The Six-Stage Pipeline
Every report pipeline follows the same structure regardless of report type or audience:
Load Data → Calculate Metrics → Generate Charts → Render Template → Save Outputs → Deliver
Implementing this as a function or class separates concerns cleanly: loading is separate from calculation, calculation is separate from presentation, presentation is separate from delivery. Each stage can be tested independently.
weasyprint Handles HTML to PDF
A single function call converts any HTML string to a professional PDF. The CSS @page rule handles print-specific formatting: page size, margins, running headers, and automatic page numbering. Elements like metric cards and charts should be marked page-break-inside: avoid to prevent them from being split across pages.
Scheduling Closes the Loop
A report pipeline that a human must trigger manually is only half-automated. Scheduling — via the schedule library, cron, or Windows Task Scheduler — removes the last human step. The pipeline runs at a configured time, generates the report, delivers it, and logs the result. Nobody has to remember; it just happens.

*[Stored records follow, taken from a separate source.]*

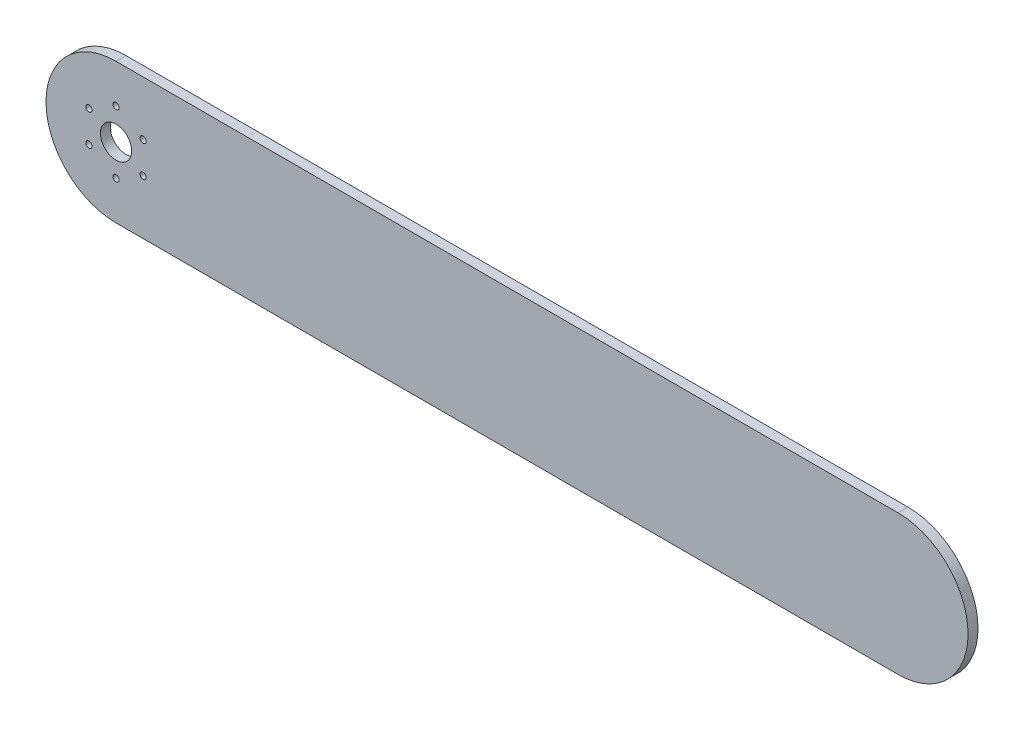
from build123d import *

# Parameters (mm, degrees)
SKETCH2_R           = 10
SKETCH2_R_2         = 2
BOSS_EXTRUDE1_DEPTH = 6.35


with BuildPart() as part:
    # Sketch2 → Boss-Extrude1 (new body)
    with BuildSketch(Plane.XY):
        with BuildLine():
            Line((0, 44.75), (500, 44.75))
            ThreePointArc((500, 44.75), (544.75, 0), (500, -44.75))
            Line((500, -44.75), (0, -44.75))
            ThreePointArc((0, -44.75), (-44.75, 0), (0, 44.75))
        make_face()
        Circle(SKETCH2_R, mode=Mode.SUBTRACT)
        with Locations((0, 20)):
            Circle(SKETCH2_R_2, mode=Mode.SUBTRACT)
        with Locations((17.320508076, 10)):
            Circle(SKETCH2_R_2, mode=Mode.SUBTRACT)
        with Locations((17.320508076, -10)):
            Circle(SKETCH2_R_2, mode=Mode.SUBTRACT)
        with Locations((0, -20)):
            Circle(SKETCH2_R_2, mode=Mode.SUBTRACT)
        with Locations((-17.320508076, -10)):
            Circle(SKETCH2_R_2, mode=Mode.SUBTRACT)
        with Locations((-17.320508076, 10)):
            Circle(SKETCH2_R_2, mode=Mode.SUBTRACT)
    extrude(amount=BOSS_EXTRUDE1_DEPTH)


solid = part.part

For production reliability: keep a guard check inside the script (verify it is actually the 1st of the month), implement error handling that sends alerts to the analyst rather than bad reports to stakeholders, and log every run with timestamps and output file paths.
Design Principles
Fetch once, render multiple times. Query the data source once. Compute metrics once. Render into HTML, PDF, and Excel from the same data dictionary. This ensures all output formats show identical numbers and eliminates the risk of recalculation inconsistencies.
Templates are code. Store templates in version control alongside the Python pipeline. Commit template changes with descriptive messages. Document the expected context variables. Test templates with known data before deploying changes.
Errors should alert the analyst, not reach stakeholders. Wrap the full pipeline in a try/except block. On failure, send an alert email to the report owner with the full traceback. Do not send a partial or incorrect report. Recipients should see either the complete correct report or nothing.
Separate configuration from code. Distribution lists, report schedules, and company names belong in configuration files or environment variables, not hardcoded in the Python script. This makes changes safe without touching code.
Practical Checklist
Before deploying a report pipeline to production:
- [ ] Test the complete pipeline on sample data that mirrors the production data structure
- [ ] Verify the PDF output looks correct in at least two PDF viewers
- [ ] Confirm the email sends and the PDF attachment opens correctly
- [ ] Test the error path: what happens if the data source is unavailable?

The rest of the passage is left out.